For the past 25 years, the bitumen in McMurray oil sand has been commercially recovered using a hot water process. In general, the process involves slurrying oil sand with heated water, steam, usually some caustic and naturally entrained air. The slurry is mixed, commonly in tumblers, for a prescribed retention time to initiate a preliminary separation or dispersal of the bitumen and the solids and to induce air bubbles to contact and aerate the bitumen. The conditioned slurry is then subjected to flotation to further separate the bitumen from the sand.
A recent development in the recovery of bitumen from oil sand involves a low temperature process whereby the oil sand in mixed with heated water directly at the mine site to produce a pumpable, dense, low temperature slurry. The slurry is then pumped through a pipeline to condition the slurry for flotation.
The conditioned slurry obtained by either process described above is further diluted with heated water and introduced into a large, open-topped, conical-bottomed, cylindrical vessel (termed a primary separation vessel or “PSV”). The diluted slurry is retained in the PSV under quiescent conditions for a prescribed retention period. During this period, the aerated bitumen rises and forms a froth layer, which overflows the top lip of the vessel and is conveyed away in a launder. The sand grains sink and are concentrated in the conical bottom. They leave the bottom of the vessel as a wet tailings stream. Middlings, a watery mixture containing solids and bitumen, extend between the froth and sand layers.

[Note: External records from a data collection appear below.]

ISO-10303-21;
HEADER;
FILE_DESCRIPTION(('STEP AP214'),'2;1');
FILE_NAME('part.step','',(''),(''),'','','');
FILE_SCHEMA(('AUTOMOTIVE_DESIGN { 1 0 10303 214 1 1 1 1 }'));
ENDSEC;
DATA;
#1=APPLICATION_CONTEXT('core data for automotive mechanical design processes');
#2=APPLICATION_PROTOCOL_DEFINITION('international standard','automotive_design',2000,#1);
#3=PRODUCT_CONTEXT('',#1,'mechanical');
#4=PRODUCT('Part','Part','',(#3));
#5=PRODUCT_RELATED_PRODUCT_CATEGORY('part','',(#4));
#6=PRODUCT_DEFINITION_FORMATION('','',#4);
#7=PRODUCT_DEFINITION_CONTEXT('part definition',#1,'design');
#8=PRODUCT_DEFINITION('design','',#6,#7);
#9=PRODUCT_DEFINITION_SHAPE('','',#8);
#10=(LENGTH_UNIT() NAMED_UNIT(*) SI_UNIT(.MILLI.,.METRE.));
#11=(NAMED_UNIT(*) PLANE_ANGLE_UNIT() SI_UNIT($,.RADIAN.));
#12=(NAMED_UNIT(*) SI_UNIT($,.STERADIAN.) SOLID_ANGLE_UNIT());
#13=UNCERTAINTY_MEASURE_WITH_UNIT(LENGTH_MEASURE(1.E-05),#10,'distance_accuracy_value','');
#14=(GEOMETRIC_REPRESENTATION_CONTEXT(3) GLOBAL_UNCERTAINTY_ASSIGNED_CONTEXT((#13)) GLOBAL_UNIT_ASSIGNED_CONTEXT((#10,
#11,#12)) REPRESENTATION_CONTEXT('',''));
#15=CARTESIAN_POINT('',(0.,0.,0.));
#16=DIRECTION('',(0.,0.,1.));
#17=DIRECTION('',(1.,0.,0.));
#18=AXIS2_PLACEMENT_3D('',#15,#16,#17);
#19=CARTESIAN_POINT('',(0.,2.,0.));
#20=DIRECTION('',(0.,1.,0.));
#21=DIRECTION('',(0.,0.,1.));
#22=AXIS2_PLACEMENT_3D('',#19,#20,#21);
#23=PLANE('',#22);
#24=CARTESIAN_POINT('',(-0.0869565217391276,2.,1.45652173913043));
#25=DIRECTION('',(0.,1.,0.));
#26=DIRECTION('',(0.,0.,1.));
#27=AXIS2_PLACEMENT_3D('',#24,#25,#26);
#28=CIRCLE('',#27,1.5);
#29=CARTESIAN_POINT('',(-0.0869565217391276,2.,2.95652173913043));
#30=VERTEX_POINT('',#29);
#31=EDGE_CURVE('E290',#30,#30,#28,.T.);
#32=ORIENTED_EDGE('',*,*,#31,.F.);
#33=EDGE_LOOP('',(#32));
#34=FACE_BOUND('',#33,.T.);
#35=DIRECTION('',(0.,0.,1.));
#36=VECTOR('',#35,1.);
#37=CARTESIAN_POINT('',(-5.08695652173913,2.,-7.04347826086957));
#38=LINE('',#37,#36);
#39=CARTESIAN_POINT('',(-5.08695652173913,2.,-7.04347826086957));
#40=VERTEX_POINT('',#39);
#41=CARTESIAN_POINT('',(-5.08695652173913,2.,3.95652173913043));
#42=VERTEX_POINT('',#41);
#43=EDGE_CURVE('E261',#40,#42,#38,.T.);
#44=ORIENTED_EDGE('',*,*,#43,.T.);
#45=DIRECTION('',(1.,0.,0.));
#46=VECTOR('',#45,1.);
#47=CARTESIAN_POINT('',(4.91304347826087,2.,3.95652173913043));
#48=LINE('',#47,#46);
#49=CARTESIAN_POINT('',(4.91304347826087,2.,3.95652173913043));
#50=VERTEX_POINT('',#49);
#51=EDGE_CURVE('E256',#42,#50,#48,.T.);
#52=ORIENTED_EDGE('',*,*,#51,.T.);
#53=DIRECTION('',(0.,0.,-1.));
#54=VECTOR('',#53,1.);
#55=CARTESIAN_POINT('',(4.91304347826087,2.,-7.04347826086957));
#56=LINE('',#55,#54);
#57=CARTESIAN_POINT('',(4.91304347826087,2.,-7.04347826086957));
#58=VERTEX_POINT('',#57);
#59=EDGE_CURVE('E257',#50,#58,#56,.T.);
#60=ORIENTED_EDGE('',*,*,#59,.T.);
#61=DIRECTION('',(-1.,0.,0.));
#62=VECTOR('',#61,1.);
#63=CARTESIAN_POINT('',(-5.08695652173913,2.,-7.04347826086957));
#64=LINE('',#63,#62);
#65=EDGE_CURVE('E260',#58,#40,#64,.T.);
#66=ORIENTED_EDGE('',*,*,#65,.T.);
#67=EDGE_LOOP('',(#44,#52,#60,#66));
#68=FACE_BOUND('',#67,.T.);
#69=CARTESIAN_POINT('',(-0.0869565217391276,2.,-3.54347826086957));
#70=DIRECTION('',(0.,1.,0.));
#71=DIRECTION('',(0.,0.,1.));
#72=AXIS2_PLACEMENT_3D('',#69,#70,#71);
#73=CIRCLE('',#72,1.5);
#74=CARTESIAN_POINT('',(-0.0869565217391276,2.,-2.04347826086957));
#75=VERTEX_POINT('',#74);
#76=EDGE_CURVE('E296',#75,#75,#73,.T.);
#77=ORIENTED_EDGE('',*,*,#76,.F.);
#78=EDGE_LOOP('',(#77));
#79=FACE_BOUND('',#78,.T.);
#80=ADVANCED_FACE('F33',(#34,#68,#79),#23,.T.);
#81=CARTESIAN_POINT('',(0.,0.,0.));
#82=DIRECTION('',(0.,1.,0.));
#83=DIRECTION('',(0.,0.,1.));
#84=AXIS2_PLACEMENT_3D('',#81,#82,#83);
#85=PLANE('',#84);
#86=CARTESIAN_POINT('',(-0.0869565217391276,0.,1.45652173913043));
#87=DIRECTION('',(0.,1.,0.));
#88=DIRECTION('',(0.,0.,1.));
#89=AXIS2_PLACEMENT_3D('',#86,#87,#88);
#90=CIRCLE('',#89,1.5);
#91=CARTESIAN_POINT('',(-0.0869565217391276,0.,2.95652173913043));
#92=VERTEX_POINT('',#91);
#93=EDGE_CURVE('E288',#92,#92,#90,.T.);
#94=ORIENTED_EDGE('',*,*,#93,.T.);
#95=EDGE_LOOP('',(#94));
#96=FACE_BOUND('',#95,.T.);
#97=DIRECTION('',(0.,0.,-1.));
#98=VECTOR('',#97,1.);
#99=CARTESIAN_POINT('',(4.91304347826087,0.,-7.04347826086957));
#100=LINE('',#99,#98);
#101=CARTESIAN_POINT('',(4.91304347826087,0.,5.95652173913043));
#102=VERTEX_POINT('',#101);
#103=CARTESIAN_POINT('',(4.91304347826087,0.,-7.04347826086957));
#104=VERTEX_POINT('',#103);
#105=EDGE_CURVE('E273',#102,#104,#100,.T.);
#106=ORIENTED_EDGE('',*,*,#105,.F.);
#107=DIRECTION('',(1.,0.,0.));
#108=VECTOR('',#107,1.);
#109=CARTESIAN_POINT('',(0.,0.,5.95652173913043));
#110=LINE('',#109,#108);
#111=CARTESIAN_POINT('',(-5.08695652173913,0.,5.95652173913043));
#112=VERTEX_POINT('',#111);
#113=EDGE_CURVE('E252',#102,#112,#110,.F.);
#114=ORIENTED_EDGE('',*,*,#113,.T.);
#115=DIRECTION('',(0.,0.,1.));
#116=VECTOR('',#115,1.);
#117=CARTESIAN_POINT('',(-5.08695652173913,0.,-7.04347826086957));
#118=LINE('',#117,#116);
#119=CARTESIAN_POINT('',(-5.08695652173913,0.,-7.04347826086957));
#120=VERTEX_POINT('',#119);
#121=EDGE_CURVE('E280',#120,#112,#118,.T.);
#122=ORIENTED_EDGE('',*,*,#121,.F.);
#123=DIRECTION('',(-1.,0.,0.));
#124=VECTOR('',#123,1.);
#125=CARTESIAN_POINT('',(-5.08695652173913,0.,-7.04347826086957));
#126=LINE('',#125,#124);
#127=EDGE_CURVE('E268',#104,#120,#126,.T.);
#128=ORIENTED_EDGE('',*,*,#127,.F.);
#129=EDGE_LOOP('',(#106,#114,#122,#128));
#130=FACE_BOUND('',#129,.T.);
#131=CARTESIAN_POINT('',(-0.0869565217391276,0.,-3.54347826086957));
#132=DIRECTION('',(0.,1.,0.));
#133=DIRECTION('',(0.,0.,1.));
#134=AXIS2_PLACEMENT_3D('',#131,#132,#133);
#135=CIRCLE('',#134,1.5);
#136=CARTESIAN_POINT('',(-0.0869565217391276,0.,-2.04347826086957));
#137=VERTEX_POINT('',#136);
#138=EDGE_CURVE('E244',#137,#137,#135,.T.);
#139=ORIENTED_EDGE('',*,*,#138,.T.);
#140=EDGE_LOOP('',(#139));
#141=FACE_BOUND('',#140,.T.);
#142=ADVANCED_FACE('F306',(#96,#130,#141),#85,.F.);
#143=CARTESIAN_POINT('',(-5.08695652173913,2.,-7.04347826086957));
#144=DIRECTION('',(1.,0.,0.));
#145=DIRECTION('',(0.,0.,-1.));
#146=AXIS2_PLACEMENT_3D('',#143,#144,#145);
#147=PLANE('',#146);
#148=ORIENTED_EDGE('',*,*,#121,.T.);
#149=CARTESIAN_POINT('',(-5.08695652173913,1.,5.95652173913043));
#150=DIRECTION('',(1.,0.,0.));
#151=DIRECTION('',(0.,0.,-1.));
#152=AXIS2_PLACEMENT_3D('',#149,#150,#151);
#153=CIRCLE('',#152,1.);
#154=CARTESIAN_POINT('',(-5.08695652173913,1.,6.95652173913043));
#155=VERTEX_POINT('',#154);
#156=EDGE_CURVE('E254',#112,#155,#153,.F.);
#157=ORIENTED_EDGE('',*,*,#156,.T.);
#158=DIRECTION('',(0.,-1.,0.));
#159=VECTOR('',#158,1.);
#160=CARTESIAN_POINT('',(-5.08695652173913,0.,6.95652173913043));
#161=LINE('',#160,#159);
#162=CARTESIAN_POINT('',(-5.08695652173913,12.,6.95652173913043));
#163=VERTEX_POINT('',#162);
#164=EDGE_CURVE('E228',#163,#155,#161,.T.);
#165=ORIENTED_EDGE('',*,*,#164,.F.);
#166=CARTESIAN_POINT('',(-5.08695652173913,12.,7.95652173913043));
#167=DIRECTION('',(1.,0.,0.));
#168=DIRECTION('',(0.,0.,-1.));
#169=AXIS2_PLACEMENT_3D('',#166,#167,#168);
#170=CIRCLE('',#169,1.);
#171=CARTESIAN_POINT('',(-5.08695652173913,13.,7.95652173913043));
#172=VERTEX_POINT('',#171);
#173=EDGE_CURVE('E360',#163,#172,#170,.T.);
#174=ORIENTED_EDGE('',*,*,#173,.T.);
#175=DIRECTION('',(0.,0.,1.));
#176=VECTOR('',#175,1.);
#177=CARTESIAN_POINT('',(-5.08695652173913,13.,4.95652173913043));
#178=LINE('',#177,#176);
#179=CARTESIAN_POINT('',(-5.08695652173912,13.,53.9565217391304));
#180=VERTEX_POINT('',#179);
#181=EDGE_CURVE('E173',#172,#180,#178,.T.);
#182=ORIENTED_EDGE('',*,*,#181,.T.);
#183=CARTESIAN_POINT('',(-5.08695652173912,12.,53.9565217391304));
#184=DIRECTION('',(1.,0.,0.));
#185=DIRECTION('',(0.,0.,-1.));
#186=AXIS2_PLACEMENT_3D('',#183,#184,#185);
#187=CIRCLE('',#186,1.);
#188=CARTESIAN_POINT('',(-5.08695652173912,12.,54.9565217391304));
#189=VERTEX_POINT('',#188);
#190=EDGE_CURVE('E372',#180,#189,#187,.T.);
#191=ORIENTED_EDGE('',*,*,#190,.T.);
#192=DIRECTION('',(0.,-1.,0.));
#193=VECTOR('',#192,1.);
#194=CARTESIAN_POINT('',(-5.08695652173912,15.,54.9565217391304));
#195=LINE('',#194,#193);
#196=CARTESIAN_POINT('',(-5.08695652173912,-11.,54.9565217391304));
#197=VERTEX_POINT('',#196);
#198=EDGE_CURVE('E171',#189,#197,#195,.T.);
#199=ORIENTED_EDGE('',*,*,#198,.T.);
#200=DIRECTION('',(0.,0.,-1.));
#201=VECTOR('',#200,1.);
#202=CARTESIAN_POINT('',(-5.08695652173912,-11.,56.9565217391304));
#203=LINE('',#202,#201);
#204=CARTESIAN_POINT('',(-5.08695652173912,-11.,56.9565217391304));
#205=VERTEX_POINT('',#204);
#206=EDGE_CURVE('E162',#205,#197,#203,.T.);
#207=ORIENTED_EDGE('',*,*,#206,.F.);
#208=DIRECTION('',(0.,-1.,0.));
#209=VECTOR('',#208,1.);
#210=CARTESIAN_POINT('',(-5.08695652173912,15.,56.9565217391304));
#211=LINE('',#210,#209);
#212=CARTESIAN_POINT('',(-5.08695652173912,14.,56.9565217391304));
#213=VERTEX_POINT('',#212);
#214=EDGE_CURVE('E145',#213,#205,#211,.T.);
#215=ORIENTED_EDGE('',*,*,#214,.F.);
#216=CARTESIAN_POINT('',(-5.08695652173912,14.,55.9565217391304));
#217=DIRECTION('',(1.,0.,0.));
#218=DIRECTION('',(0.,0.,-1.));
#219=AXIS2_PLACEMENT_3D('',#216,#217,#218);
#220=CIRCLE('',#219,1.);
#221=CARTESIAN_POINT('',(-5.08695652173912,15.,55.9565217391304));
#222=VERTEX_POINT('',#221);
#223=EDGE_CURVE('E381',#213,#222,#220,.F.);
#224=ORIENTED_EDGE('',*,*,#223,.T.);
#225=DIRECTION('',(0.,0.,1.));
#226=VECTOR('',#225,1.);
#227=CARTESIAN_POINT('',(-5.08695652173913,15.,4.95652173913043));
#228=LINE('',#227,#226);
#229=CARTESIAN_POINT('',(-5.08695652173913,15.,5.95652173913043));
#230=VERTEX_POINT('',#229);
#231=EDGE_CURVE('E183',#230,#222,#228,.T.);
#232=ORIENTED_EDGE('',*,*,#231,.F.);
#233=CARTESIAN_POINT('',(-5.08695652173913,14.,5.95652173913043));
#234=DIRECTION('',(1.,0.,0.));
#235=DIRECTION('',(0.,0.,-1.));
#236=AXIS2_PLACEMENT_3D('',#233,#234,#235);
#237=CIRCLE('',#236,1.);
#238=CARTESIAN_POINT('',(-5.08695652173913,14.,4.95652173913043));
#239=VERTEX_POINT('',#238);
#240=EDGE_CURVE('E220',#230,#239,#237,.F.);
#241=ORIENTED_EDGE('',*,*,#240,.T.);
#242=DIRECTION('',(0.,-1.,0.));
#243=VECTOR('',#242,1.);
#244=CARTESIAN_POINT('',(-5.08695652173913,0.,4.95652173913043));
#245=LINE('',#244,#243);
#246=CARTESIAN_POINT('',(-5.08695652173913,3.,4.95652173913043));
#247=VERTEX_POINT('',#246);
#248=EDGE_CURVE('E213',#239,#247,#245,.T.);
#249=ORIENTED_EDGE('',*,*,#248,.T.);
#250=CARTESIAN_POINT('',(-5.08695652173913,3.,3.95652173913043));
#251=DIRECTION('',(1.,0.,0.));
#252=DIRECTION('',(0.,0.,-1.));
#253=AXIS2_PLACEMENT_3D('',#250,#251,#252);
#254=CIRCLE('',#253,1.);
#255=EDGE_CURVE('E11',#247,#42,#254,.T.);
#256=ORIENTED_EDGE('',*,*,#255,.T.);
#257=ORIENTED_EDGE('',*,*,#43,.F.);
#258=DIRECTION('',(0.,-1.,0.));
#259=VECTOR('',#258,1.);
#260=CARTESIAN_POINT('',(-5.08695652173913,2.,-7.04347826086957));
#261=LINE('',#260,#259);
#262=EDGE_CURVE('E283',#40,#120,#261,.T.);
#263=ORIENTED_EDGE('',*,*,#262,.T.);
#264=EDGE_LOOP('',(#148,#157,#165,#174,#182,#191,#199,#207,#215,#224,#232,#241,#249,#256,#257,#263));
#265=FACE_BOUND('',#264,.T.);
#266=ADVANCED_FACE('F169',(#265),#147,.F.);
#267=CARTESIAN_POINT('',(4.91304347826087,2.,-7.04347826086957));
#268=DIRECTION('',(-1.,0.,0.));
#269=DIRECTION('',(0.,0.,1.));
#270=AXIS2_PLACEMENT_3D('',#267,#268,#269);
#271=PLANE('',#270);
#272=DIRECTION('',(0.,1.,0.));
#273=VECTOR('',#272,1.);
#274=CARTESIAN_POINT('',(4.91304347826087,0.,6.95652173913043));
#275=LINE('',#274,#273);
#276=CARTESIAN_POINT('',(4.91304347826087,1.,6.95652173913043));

The wet tailings and middlings are withdrawn, combined and sent to a secondary flotation process. This secondary flotation process is commonly carried out in a deep cone vessel wherein air is sparged into the vessel to assist with flotation. This vessel is referred to as the TOR vessel. It and the process conducted in it are disclosed in U.S. Pat. No. 4,545,892, incorporated herein by reference. The bitumen recovered by the TOR vessel is recycled to the PSV. The middlings from the deep cone vessel are further processed in air flotation cells to recover contained bitumen.
The froths produced by these units are combined and subjected to further processing. More particularly, it is conventional to dilute the bitumen froth with a light hydrocarbon diluent, such as a paraffinic diluent or naphtha, to first improve the difference in specific gravity between the bitumen and water and to reduce the bitumen viscosity, to aid in the separation of the water and solids from the bitumen. Separation of the bitumen from water and solids is commonly achieved by treating the froth in a sequence of scroll and disc centrifuges. However, there has been a recent trend towards using an inclined plate settling process for separating bitumen from the water and solids.
The primarily water and solids fraction obtained after separation is commonly referred to as froth treatment tailings consist of a slurry. These froth treatment tailings typically comprising approximately 2.0 wt. % hydrocarbon diluent, 4.5 wt. % bitumen, 17 wt. % particulate solids and 76.5 wt. % water. It is desirable both economically and environmentally to recover the hydrocarbon diluent from the tailings prior to disposal.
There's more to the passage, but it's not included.